(Supplied data)

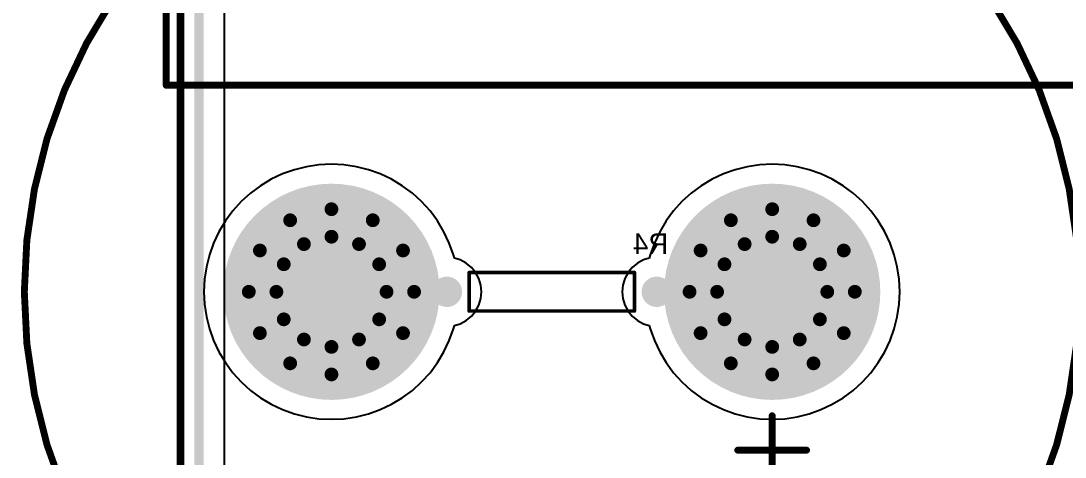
# Model space of a CAD drawing. Extents: x 69 to 227, y 90 to 377.
# Drawn here: x 69.5 to 145.3, y 221.5 to 253.2 of the extents above; entities that cross this region are included whole.
import ezdxf

# ---------------------------------------------------------------- set-up
doc = ezdxf.new("R2010")
doc.units = 0
doc.layers.get('0').update_dxf_attribs({"linetype": 'CONTINUOUS'})
for name, color, linetype in [('BOTTOMLAYER', 5, 'CONTINUOUS'), ('BOTTOMOVERLAY', 54, 'CONTINUOUS'), ('BOTTOMSOLDER', 6, 'CONTINUOUS'), ('MECHANICAL4', 56, 'CONTINUOUS'), ('MULTILAYER', 9, 'CONTINUOUS'), ('TOPLAYER', 1, 'CONTINUOUS'), ('TOPOVERLAY', 2, 'CONTINUOUS'), ('TOPSOLDER', 216, 'CONTINUOUS')]:
    doc.layers.add(name, color=color, linetype=linetype)

# ---------------------------------------------------------------- blocks, each defined once
blk = doc.blocks.new('R___A_____0_6___B_7')
at = {"layer": 'BOTTOMLAYER', "const_width": 1}
for points in [[(-8.12, 0, 1), (-7.12, 0, 1)], [(7.12, 0, 1), (8.12, 0, 1)]]:
    blk.add_lwpolyline(points, format="xyb", close=True, dxfattribs=at)
at = {"layer": 'BOTTOMOVERLAY', "const_width": 0.254}
for points in [[(-6, -1.4), (-6, 1.4)], [(-6, 1.4), (6, 1.4)], [(6, -1.4), (6, 1.4)], [(-6, -1.4), (6, -1.4)]]:
    blk.add_lwpolyline(points, dxfattribs=at)
at = {"layer": 'BOTTOMOVERLAY', "const_width": 0.127}
for points in [[(-6.064, 1.4, 1), (-5.937, 1.4, 1)], [(-6.064, 1.4, 1), (-5.937, 1.4, 1)], [(5.937, 1.4, 1), (6.064, 1.4, 1)], [(5.937, 1.4, 1), (6.064, 1.4, 1)], [(-6.064, -1.4, 1), (-5.937, -1.4, 1)], [(-6.064, -1.4, 1), (-5.937, -1.4, 1)], [(5.937, -1.4, 1), (6.064, -1.4, 1)], [(5.937, -1.4, 1), (6.064, -1.4, 1)]]:
    blk.add_lwpolyline(points, format="xyb", close=True, dxfattribs=at)
at = {"layer": 'BOTTOMSOLDER', "const_width": 1.102}
for points in [[(-8.171, 0, 1), (-7.069, 0, 1)], [(7.069, 0, 1), (8.171, 0, 1)]]:
    blk.add_lwpolyline(points, format="xyb", close=True, dxfattribs=at)
at = {"layer": 'MULTILAYER', "const_width": 1}
for points in [[(-8.12, 0, 1), (-7.12, 0, 1)], [(7.12, 0, 1), (8.12, 0, 1)]]:
    blk.add_lwpolyline(points, format="xyb", close=True, dxfattribs=at)
at = {"layer": 'TOPLAYER', "const_width": 1}
for points in [[(-8.12, 0, 1), (-7.12, 0, 1)], [(7.12, 0, 1), (8.12, 0, 1)]]:
    blk.add_lwpolyline(points, format="xyb", close=True, dxfattribs=at)
at = {"layer": 'TOPSOLDER', "const_width": 1.102}
for points in [[(-8.171, 0, 1), (-7.069, 0, 1)], [(7.069, 0, 1), (8.171, 0, 1)]]:
    blk.add_lwpolyline(points, format="xyb", close=True, dxfattribs=at)
blk = doc.blocks.new('PEH200YV447BMB2_19')
at = {"layer": 'BOTTOMLAYER', "const_width": 7.75}
for points in [[(-19.875, 0, 1), (-12.125, 0, 1)], [(12.125, 0, 1), (19.875, 0, 1)]]:
    blk.add_lwpolyline(points, format="xyb", close=True, dxfattribs=at)
at = {"layer": 'BOTTOMSOLDER', "const_width": 7.852}
for points in [[(-19.926, 0, 1), (-12.074, 0, 1)], [(12.074, 0, 1), (19.926, 0, 1)]]:
    blk.add_lwpolyline(points, format="xyb", close=True, dxfattribs=at)
at = {"layer": 'MULTILAYER', "const_width": 7.75}
for points in [[(-19.875, 0, 1), (-12.125, 0, 1)], [(12.125, 0, 1), (19.875, 0, 1)]]:
    blk.add_lwpolyline(points, format="xyb", close=True, dxfattribs=at)
at = {"layer": 'TOPLAYER', "const_width": 7.75}
for points in [[(-19.875, 0, 1), (-12.125, 0, 1)], [(12.125, 0, 1), (19.875, 0, 1)]]:
    blk.add_lwpolyline(points, format="xyb", close=True, dxfattribs=at)
at = {"layer": 'TOPOVERLAY'}
for points, const_width in [([(38.3, 0, 1), (-38.3, 0, 1)], 0.5), ([(-18.625, 11.5, 1), (-18.375, 11.5, 1)], 0.25), ([(-13.625, 11.5, 1), (-13.375, 11.5, 1)], 0.25), ([(-16.125, 9, 1), (-15.875, 9, 1)], 0.25), ([(38.175, 0, 1), (38.425, 0, 1)], 0.25)]:
    blk.add_lwpolyline(points, format="xyb", close=True, dxfattribs=dict(at, const_width=const_width))
at = {"layer": 'TOPOVERLAY', "const_width": 0.5}
for points in [[(-16, 14), (-16, 9)], [(-13.5, 11.5), (-18.5, 11.5)]]:
    blk.add_lwpolyline(points, dxfattribs=at)
at = {"layer": 'TOPSOLDER', "const_width": 7.852}
for points in [[(-19.926, 0, 1), (-12.074, 0, 1)], [(12.074, 0, 1), (19.926, 0, 1)]]:
    blk.add_lwpolyline(points, format="xyb", close=True, dxfattribs=at)
blk = doc.blocks.new('CM300_SKM200_DUAL_FOOTPRI0')
at = {"layer": 'BOTTOMOVERLAY', "const_width": 0.5}
for points in [[(-55, -40), (-55, 40)], [(-55, -40), (55, -40)]]:
    blk.add_lwpolyline(points, dxfattribs=at)
at = {"layer": 'BOTTOMOVERLAY', "const_width": 0.25}
blk.add_lwpolyline([(-55.125, -40, 1), (-54.875, -40, 1)], format="xyb", close=True, dxfattribs=at)
blk.add_lwpolyline([(-55.125, -40, 1), (-54.875, -40, 1)], format="xyb", close=True, dxfattribs=at)

msp = doc.modelspace()

# ---------------------------------------------------------------- linework, layer by layer
at = {"layer": 'BOTTOMLAYER'}
for p, q in [((81.255, 196.857), (81.255, 270.143)), ((91.092, 242.717), (90.193, 242.583)), ((92, 242.761), (91.092, 242.717)), ((92.908, 242.717), (92, 242.761)), ((93.807, 242.583), (92.908, 242.717)), ((123.092, 242.717), (122.193, 242.583)), ((124, 242.761), (123.092, 242.717)), ((124.908, 242.717), (124, 242.761)), ((125.807, 242.583), (124.908, 242.717)), ((88.456, 242.056), (87.634, 241.668)), ((89.312, 242.362), (88.456, 242.056)), ((90.193, 242.583), (89.312, 242.362)), ((94.688, 242.362), (93.807, 242.583)), ((95.544, 242.056), (94.688, 242.362)), ((96.366, 241.668), (95.544, 242.056)), ((120.456, 242.056), (119.634, 241.668)), ((121.312, 242.362), (120.456, 242.056)), ((122.193, 242.583), (121.312, 242.362)), ((126.688, 242.362), (125.807, 242.583)), ((127.544, 242.056), (126.688, 242.362)), ((128.366, 241.668), (127.544, 242.056)), ((86.855, 241.2), (86.125, 240.659)), ((87.634, 241.668), (86.855, 241.2)), ((97.145, 241.2), (96.366, 241.668)), ((97.875, 240.659), (97.145, 241.2)), ((118.855, 241.2), (118.125, 240.659)), ((119.634, 241.668), (118.855, 241.2)), ((129.145, 241.2), (128.366, 241.668)), ((129.875, 240.659), (129.145, 241.2)), ((86.125, 240.659), (85.451, 240.049)), ((98.549, 240.049), (97.875, 240.659)), ((118.125, 240.659), (117.451, 240.049)), ((130.549, 240.049), (129.875, 240.659)), ((85.451, 240.049), (84.841, 239.375)), ((99.159, 239.375), (98.549, 240.049)), ((117.451, 240.049), (116.841, 239.375)), ((131.159, 239.375), (130.549, 240.049)), ((84.841, 239.375), (84.3, 238.645)), ((99.7, 238.645), (99.159, 239.375)), ((116.841, 239.375), (116.3, 238.645)), ((131.7, 238.645), (131.159, 239.375)), ((84.3, 238.645), (83.832, 237.866)), ((100.168, 237.866), (99.7, 238.645)), ((116.3, 238.645), (115.832, 237.866)), ((132.168, 237.866), (131.7, 238.645)), ((83.832, 237.866), (83.444, 237.044)), ((100.556, 237.044), (100.168, 237.866)), ((115.832, 237.866), (115.444, 237.044)), ((132.556, 237.044), (132.168, 237.866)), ((83.444, 237.044), (83.138, 236.188)), ((100.862, 236.188), (100.556, 237.044)), ((115.444, 237.044), (115.138, 236.188)), ((132.862, 236.188), (132.556, 237.044)), ((83.138, 236.188), (82.917, 235.307)), ((100.923, 235.948), (100.862, 236.188)), ((101.341, 235.821), (100.923, 235.948)), ((101.776, 235.589), (101.341, 235.821)), ((114.659, 235.821), (114.224, 235.589)), ((115.077, 235.948), (114.659, 235.821)), ((115.138, 236.188), (115.077, 235.948)), ((133.083, 235.307), (132.862, 236.188)), ((82.917, 235.307), (82.783, 234.408)), ((102.156, 235.276), (101.776, 235.589)), ((102.469, 234.896), (102.156, 235.276)), ((113.844, 235.276), (113.531, 234.896)), ((114.224, 235.589), (113.844, 235.276)), ((133.217, 234.408), (133.083, 235.307)), ((82.783, 234.408), (82.739, 233.5)), ((102.701, 234.461), (102.469, 234.896)), ((102.844, 233.99), (102.701, 234.461)), ((113.299, 234.461), (113.156, 233.99)), ((113.531, 234.896), (113.299, 234.461)), ((133.261, 233.5), (133.217, 234.408)), ((102.892, 233.5), (102.844, 233.99)), ((113.156, 233.99), (113.108, 233.5)), ((82.739, 233.5), (82.783, 232.592)), ((102.701, 232.539), (102.844, 233.01)), ((102.844, 233.01), (102.892, 233.5)), ((113.108, 233.5), (113.156, 233.01)), ((113.156, 233.01), (113.299, 232.539)), ((133.217, 232.592), (133.261, 233.5)), ((82.783, 232.592), (82.917, 231.693)), ((102.156, 231.724), (102.469, 232.104)), ((102.469, 232.104), (102.701, 232.539)), ((113.299, 232.539), (113.531, 232.104)), ((113.531, 232.104), (113.844, 231.724)), ((133.083, 231.693), (133.217, 232.592)), ((82.917, 231.693), (83.138, 230.812)), ((101.341, 231.179), (101.776, 231.411)), ((101.776, 231.411), (102.156, 231.724)), ((113.844, 231.724), (114.224, 231.411)), ((114.224, 231.411), (114.659, 231.179)), ((132.862, 230.812), (133.083, 231.693)), ((83.138, 230.812), (83.444, 229.956)), ((100.556, 229.956), (100.862, 230.812)), ((100.862, 230.812), (100.923, 231.052)), ((100.923, 231.052), (101.341, 231.179)), ((114.659, 231.179), (115.077, 231.052)), ((115.077, 231.052), (115.138, 230.812)), ((115.138, 230.812), (115.444, 229.956)), ((132.556, 229.956), (132.862, 230.812)), ((83.444, 229.956), (83.832, 229.134)), ((100.168, 229.134), (100.556, 229.956)), ((115.444, 229.956), (115.832, 229.134)), ((132.168, 229.134), (132.556, 229.956)), ((83.832, 229.134), (84.3, 228.355)), ((99.7, 228.355), (100.168, 229.134)), ((115.832, 229.134), (116.3, 228.355)), ((131.7, 228.355), (132.168, 229.134)), ((84.3, 228.355), (84.841, 227.625)), ((99.159, 227.625), (99.7, 228.355)), ((116.3, 228.355), (116.841, 227.625)), ((131.159, 227.625), (131.7, 228.355)), ((84.841, 227.625), (85.451, 226.951)), ((98.549, 226.951), (99.159, 227.625)), ((116.841, 227.625), (117.451, 226.951)), ((130.549, 226.951), (131.159, 227.625)), ((85.451, 226.951), (86.125, 226.341)), ((97.875, 226.341), (98.549, 226.951)), ((117.451, 226.951), (118.125, 226.341)), ((129.875, 226.341), (130.549, 226.951)), ((86.125, 226.341), (86.855, 225.8)), ((97.145, 225.8), (97.875, 226.341)), ((118.125, 226.341), (118.855, 225.8)), ((129.145, 225.8), (129.875, 226.341)), ((86.855, 225.8), (87.634, 225.332)), ((87.634, 225.332), (88.456, 224.944)), ((95.544, 224.944), (96.366, 225.332)), ((96.366, 225.332), (97.145, 225.8)), ((118.855, 225.8), (119.634, 225.332)), ((119.634, 225.332), (120.456, 224.944)), ((127.544, 224.944), (128.366, 225.332)), ((128.366, 225.332), (129.145, 225.8)), ((88.456, 224.944), (89.312, 224.638)), ((89.312, 224.638), (90.193, 224.417)), ((93.807, 224.417), (94.688, 224.638)), ((94.688, 224.638), (95.544, 224.944)), ((120.456, 224.944), (121.312, 224.638)), ((121.312, 224.638), (122.193, 224.417)), ((125.807, 224.417), (126.688, 224.638)), ((126.688, 224.638), (127.544, 224.944)), ((90.193, 224.417), (91.092, 224.283)), ((91.092, 224.283), (92, 224.239)), ((92, 224.239), (92.908, 224.283)), ((92.908, 224.283), (93.807, 224.417)), ((122.193, 224.417), (123.092, 224.283)), ((123.092, 224.283), (124, 224.239)), ((124, 224.239), (124.908, 224.283)), ((124.908, 224.283), (125.807, 224.417))]:
    msp.add_line(p, q, dxfattribs=at)
at = {"layer": 'BOTTOMLAYER', "const_width": 0.5}
for points in [[(91.75, 239.5, 1), (92.25, 239.5, 1)], [(123.75, 239.5, 1), (124.25, 239.5, 1)], [(88.75, 238.696, 1), (89.25, 238.696, 1)], [(94.75, 238.696, 1), (95.25, 238.696, 1)], [(120.75, 238.696, 1), (121.25, 238.696, 1)], [(126.75, 238.696, 1), (127.25, 238.696, 1)], [(89.75, 236.964, 1), (90.25, 236.964, 1)], [(91.75, 237.5, 1), (92.25, 237.5, 1)], [(93.75, 236.964, 1), (94.25, 236.964, 1)], [(121.75, 236.964, 1), (122.25, 236.964, 1)], [(123.75, 237.5, 1), (124.25, 237.5, 1)], [(125.75, 236.964, 1), (126.25, 236.964, 1)], [(86.554, 236.5, 1), (87.054, 236.5, 1)], [(96.946, 236.5, 1), (97.446, 236.5, 1)], [(118.554, 236.5, 1), (119.054, 236.5, 1)], [(128.946, 236.5, 1), (129.446, 236.5, 1)], [(88.286, 235.5, 1), (88.786, 235.5, 1)], [(95.214, 235.5, 1), (95.714, 235.5, 1)], [(120.286, 235.5, 1), (120.786, 235.5, 1)], [(127.214, 235.5, 1), (127.714, 235.5, 1)], [(85.75, 233.5, 1), (86.25, 233.5, 1)], [(87.75, 233.5, 1), (88.25, 233.5, 1)], [(95.75, 233.5, 1), (96.25, 233.5, 1)], [(97.75, 233.5, 1), (98.25, 233.5, 1)], [(117.75, 233.5, 1), (118.25, 233.5, 1)], [(119.75, 233.5, 1), (120.25, 233.5, 1)], [(127.75, 233.5, 1), (128.25, 233.5, 1)], [(129.75, 233.5, 1), (130.25, 233.5, 1)], [(88.286, 231.5, 1), (88.786, 231.5, 1)], [(95.214, 231.5, 1), (95.714, 231.5, 1)], [(120.286, 231.5, 1), (120.786, 231.5, 1)], [(127.214, 231.5, 1), (127.714, 231.5, 1)], [(86.554, 230.5, 1), (87.054, 230.5, 1)], [(89.75, 230.036, 1), (90.25, 230.036, 1)], [(93.75, 230.036, 1), (94.25, 230.036, 1)], [(96.946, 230.5, 1), (97.446, 230.5, 1)], [(118.554, 230.5, 1), (119.054, 230.5, 1)], [(121.75, 230.036, 1), (122.25, 230.036, 1)], [(125.75, 230.036, 1), (126.25, 230.036, 1)], [(128.946, 230.5, 1), (129.446, 230.5, 1)], [(91.75, 229.5, 1), (92.25, 229.5, 1)], [(123.75, 229.5, 1), (124.25, 229.5, 1)], [(88.75, 228.304, 1), (89.25, 228.304, 1)], [(94.75, 228.304, 1), (95.25, 228.304, 1)], [(120.75, 228.304, 1), (121.25, 228.304, 1)], [(126.75, 228.304, 1), (127.25, 228.304, 1)], [(91.75, 227.5, 1), (92.25, 227.5, 1)], [(123.75, 227.5, 1), (124.25, 227.5, 1)]]:
    msp.add_lwpolyline(points, format="xyb", close=True, dxfattribs=at)
at = {"layer": 'BOTTOMSOLDER', "const_width": 0.602}
for points in [[(91.699, 239.5, 1), (92.301, 239.5, 1)], [(123.699, 239.5, 1), (124.301, 239.5, 1)], [(88.699, 238.696, 1), (89.301, 238.696, 1)], [(94.699, 238.696, 1), (95.301, 238.696, 1)], [(120.699, 238.696, 1), (121.301, 238.696, 1)], [(126.699, 238.696, 1), (127.301, 238.696, 1)], [(91.699, 237.5, 1), (92.301, 237.5, 1)], [(123.699, 237.5, 1), (124.301, 237.5, 1)], [(89.699, 236.964, 1), (90.301, 236.964, 1)], [(93.699, 236.964, 1), (94.301, 236.964, 1)], [(121.699, 236.964, 1), (122.301, 236.964, 1)], [(125.699, 236.964, 1), (126.301, 236.964, 1)], [(86.503, 236.5, 1), (87.105, 236.5, 1)], [(96.895, 236.5, 1), (97.497, 236.5, 1)], [(118.503, 236.5, 1), (119.105, 236.5, 1)], [(128.895, 236.5, 1), (129.497, 236.5, 1)], [(88.235, 235.5, 1), (88.837, 235.5, 1)], [(95.163, 235.5, 1), (95.765, 235.5, 1)], [(120.235, 235.5, 1), (120.837, 235.5, 1)], [(127.163, 235.5, 1), (127.765, 235.5, 1)], [(85.699, 233.5, 1), (86.301, 233.5, 1)], [(87.699, 233.5, 1), (88.301, 233.5, 1)], [(95.699, 233.5, 1), (96.301, 233.5, 1)], [(97.699, 233.5, 1), (98.301, 233.5, 1)], [(117.699, 233.5, 1), (118.301, 233.5, 1)], [(119.699, 233.5, 1), (120.301, 233.5, 1)], [(127.699, 233.5, 1), (128.301, 233.5, 1)], [(129.699, 233.5, 1), (130.301, 233.5, 1)], [(88.235, 231.5, 1), (88.837, 231.5, 1)], [(95.163, 231.5, 1), (95.765, 231.5, 1)], [(120.235, 231.5, 1), (120.837, 231.5, 1)], [(127.163, 231.5, 1), (127.765, 231.5, 1)], [(86.503, 230.5, 1), (87.105, 230.5, 1)], [(89.699, 230.036, 1), (90.301, 230.036, 1)], [(93.699, 230.036, 1), (94.301, 230.036, 1)], [(96.895, 230.5, 1), (97.497, 230.5, 1)], [(118.503, 230.5, 1), (119.105, 230.5, 1)], [(121.699, 230.036, 1), (122.301, 230.036, 1)], [(125.699, 230.036, 1), (126.301, 230.036, 1)], [(128.895, 230.5, 1), (129.497, 230.5, 1)], [(91.699, 229.5, 1), (92.301, 229.5, 1)], [(123.699, 229.5, 1), (124.301, 229.5, 1)], [(88.699, 228.304, 1), (89.301, 228.304, 1)], [(94.699, 228.304, 1), (95.301, 228.304, 1)], [(120.699, 228.304, 1), (121.301, 228.304, 1)], [(126.699, 228.304, 1), (127.301, 228.304, 1)], [(91.699, 227.5, 1), (92.301, 227.5, 1)], [(123.699, 227.5, 1), (124.301, 227.5, 1)]]:
    msp.add_lwpolyline(points, format="xyb", close=True, dxfattribs=at)
at = {"layer": 'MECHANICAL4', "const_width": 0.5}
msp.add_lwpolyline([(81, 376.5), (81, 90.5)], dxfattribs=at)
at = {"layer": 'MULTILAYER', "const_width": 0.5}
for points in [[(91.75, 239.5, 1), (92.25, 239.5, 1)], [(123.75, 239.5, 1), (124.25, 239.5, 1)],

(End Supplied data)

◆ The task
Lines that include the word "MULTILAYER" are to be extracted from the data above.

◆ The completed task
for name, color, linetype in [('BOTTOMLAYER', 5, 'CONTINUOUS'), ('BOTTOMOVERLAY', 54, 'CONTINUOUS'), ('BOTTOMSOLDER', 6, 'CONTINUOUS'), ('MECHANICAL4', 56, 'CONTINUOUS'), ('MULTILAYER', 9, 'CONTINUOUS'), ('TOPLAYER', 1, 'CONTINUOUS'), ('TOPOVERLAY', 2, 'CONTINUOUS'), ('TOPSOLDER', 216, 'CONTINUOUS')]:
at = {"layer": 'MULTILAYER', "const_width": 1}
at = {"layer": 'MULTILAYER', "const_width": 7.75}
at = {"layer": 'MULTILAYER', "const_width": 0.5}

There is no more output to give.